Forgot to mention that our government increased Taxes too so it takes more from someones wages/business, increased VAT means household utility bills also increased, then they wanted to reduce how much pension the retired elderly get. Our government makes things bad by increasing tax and cutting back on government spending in sectors that really should have been left alone (such as the NHS and Police) and then rub salt into the wound for the elderly by wanting to cut their pensions.


----------



## ADF (Jul 9, 2012)

Aleu said:


> So how is it even relevant? Cost of food has gone up. Whoop de fricken doo. That doesn't have anything to do with how to budget yourself. That's just bitching at other people on why you need to budget.



I fail to see why our conversation on the cause of rising living costs, such as food, has anything to do with you. You've derailed the thread significantly more than two people simply having a related conversation on the side. Our discussion was not detracting from the available information others are providing, you've just decided to kick up a fuss over it for no apparent reason.


----------



## Randy-Darkshade (Jul 9, 2012)

ADF said:


> I fail to see why our conversation on the cause of rising living costs, such as food, has anything to do with you. You've derailed the thread significantly more than two people simply having a related conversation on the side. Our discussion was not detracting from the available information others are providing, you've just decided to kick up a fuss over it for no apparent reason.



It's because we ain't talking about Amurrica. :v


----------



## ADF (Jul 9, 2012)

To throw some money saving recommendations out there. Supermarkets that offer freshly baked bread tend to discount large quantities of perfectly good bread; because it is no longer "fresh" at the end of the day. It's not uncommon to see a 60 pence French stick going for 10 pence, or a portable shelf full of in store baked loafs going for the cheap. The good thing about bread being it can be frozen easily and is just as good after defrosting, though hard bread like crusty cobs and French sticks can get a bit crumbly.


----------



## Aleu (Jul 9, 2012)

If either of you had bothered to read the OP, your conversation still has little to do with the topic. The topic is "How do you budget?" not "Who can we blame the cost of food on?"


----------



## ADF (Jul 9, 2012)

Aleu said:


> If either of you had bothered to read the OP, your conversation still has little to do with the topic. The topic is "How do you budget?" not "Who can we blame the cost of food on?"



They're talking about reducing their food expenses, we were just discussing the causes of food eating into a ever larger portion of the budget. More specifically, two residents of the UK discussing UK relevant causes of the rising cost of living.
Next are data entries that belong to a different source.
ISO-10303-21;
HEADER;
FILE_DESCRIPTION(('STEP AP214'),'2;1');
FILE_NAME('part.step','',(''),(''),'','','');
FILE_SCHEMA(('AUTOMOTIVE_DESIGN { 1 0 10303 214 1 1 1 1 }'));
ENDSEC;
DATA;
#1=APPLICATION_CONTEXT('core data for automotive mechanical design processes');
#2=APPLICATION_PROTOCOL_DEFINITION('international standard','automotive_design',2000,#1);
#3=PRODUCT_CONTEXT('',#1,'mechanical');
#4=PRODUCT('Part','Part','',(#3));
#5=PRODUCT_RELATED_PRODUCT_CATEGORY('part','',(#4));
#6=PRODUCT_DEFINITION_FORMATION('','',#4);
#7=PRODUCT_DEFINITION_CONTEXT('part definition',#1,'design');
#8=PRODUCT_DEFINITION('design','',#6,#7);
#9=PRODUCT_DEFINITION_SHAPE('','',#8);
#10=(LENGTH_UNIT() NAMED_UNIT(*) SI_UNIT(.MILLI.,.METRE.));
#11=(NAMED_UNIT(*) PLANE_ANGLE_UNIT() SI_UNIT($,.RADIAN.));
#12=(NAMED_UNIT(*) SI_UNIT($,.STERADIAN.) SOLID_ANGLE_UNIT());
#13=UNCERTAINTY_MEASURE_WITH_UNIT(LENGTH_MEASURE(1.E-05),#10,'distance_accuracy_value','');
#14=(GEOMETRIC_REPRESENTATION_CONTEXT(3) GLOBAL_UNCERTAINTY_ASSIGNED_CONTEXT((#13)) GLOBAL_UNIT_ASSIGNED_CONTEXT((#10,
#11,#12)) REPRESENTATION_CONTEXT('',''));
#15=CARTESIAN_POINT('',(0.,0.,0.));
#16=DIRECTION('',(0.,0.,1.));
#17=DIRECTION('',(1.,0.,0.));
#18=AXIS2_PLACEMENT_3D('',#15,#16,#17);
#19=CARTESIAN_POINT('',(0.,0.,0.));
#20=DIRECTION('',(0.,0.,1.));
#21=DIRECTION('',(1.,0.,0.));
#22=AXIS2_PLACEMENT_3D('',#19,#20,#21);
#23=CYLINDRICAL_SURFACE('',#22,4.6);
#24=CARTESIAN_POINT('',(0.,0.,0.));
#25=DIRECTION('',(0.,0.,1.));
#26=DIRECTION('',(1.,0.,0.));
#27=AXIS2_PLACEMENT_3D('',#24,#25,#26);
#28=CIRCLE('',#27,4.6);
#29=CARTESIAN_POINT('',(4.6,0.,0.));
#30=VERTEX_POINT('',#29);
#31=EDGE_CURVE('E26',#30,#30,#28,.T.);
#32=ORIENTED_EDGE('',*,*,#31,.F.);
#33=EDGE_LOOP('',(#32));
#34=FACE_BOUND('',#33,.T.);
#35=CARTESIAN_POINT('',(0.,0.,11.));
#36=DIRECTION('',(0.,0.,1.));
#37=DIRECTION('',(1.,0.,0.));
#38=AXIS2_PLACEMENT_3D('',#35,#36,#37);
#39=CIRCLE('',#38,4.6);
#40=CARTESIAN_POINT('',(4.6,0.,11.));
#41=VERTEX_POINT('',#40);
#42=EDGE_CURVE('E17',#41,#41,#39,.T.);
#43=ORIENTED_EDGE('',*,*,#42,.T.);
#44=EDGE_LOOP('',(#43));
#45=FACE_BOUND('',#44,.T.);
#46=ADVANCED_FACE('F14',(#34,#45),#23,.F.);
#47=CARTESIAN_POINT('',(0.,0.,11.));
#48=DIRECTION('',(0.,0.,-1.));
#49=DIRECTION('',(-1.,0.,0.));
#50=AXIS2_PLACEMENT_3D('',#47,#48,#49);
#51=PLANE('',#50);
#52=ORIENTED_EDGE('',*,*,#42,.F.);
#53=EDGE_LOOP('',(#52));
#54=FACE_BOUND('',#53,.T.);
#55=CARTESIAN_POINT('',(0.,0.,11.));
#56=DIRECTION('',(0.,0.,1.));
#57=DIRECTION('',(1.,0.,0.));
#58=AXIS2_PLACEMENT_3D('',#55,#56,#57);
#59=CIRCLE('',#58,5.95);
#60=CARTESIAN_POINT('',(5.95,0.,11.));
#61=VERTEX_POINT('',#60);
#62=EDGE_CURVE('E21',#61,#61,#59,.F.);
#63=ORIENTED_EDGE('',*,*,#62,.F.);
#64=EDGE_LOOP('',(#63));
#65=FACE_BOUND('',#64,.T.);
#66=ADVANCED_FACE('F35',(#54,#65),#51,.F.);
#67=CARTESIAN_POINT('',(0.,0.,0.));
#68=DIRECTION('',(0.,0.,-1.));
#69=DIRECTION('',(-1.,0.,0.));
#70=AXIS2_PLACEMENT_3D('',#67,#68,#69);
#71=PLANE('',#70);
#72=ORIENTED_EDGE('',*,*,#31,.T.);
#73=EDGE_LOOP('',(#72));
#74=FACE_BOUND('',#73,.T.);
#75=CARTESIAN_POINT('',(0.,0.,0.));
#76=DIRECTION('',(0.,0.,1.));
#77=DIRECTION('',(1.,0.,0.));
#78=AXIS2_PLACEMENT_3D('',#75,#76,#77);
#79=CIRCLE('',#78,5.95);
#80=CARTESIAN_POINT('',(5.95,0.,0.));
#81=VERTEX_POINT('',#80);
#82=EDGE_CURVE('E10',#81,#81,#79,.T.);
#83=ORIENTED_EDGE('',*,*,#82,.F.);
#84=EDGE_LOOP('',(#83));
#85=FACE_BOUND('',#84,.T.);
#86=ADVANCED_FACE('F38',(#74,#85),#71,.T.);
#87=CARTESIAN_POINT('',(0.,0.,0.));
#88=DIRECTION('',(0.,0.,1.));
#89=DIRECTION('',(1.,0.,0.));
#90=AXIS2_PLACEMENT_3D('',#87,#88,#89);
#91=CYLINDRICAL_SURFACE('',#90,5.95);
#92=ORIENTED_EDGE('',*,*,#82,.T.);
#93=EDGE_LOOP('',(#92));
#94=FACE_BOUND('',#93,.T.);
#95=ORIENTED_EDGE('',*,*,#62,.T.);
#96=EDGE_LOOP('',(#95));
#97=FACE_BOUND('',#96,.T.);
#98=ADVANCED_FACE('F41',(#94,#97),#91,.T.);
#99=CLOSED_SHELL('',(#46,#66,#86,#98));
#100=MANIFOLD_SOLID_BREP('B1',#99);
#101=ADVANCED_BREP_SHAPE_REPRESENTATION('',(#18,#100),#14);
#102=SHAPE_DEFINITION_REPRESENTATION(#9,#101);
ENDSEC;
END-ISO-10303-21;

You really do need to stop going on about this.


----------



## Randy-Darkshade (Jul 9, 2012)

Aleu said:


> If either of you had bothered to read the OP, your conversation still has little to do with the topic. The topic is "How do you budget?" not "Who can we blame the cost of food on?"



If you read the thread you'd have seen I have given some advice previously. All me and ADF have done is broaden the discussion into the causes.


----------



## Aleu (Jul 9, 2012)

Randy-Darkshade said:


> If you read the thread you'd have seen I have given some advice previously. All me and ADF have done is broaden the discussion into the causes.



Which is...irrelevant to the discussion as Onnes and Xenke had pointed out.


----------



## Randy-Darkshade (Jul 9, 2012)

Aleu said:


> Which is...irrelevant to the discussion as Onnes and Xenke had pointed out.



Well, really you're doing worse than us by continuing to derail the thread even further by not dropping the subject. I'm out.


----------



## Greyscale (Jul 9, 2012)

Back on the topic of budgeting for food.

When I lived by myself I tended to buy a lot of bulk pasta and cook simple meals that I could eat all week (make a large dish on Monday, eat leftovers all week). I usually had a budget of around $200 a month for myself. I bought a few extras and went out to eat occasionally, but I usually kept it simple and as cheap as I could.
Living with my current boyfriend we don't have a specific food budget. We buy things as we need them, regardless of cost. We could probably be a little bit more thrifty, but its not an issue at this point. Plus we both eat a few small meals each day right now because of this stupid diet thing.


----------



## Randy-Darkshade (Jul 9, 2012)

Greyscale said:


> Back on the topic of budgeting for food.
> 
> When I lived by myself I tended to buy a lot of bulk pasta and cook simple meals that I could eat all week (make a large dish on Monday, eat leftovers all week). I usually had a budget of around $200 a month for myself. I bought a few extras and went out to eat occasionally, but I usually kept it simple and as cheap as I could.
> Living with my current boyfriend we don't have a specific food budget. We buy things as we need them, regardless of cost. We could probably be a little bit more thrifty, but its not an issue at this point. Plus we both eat a few small meals each day right now because of this stupid diet thing.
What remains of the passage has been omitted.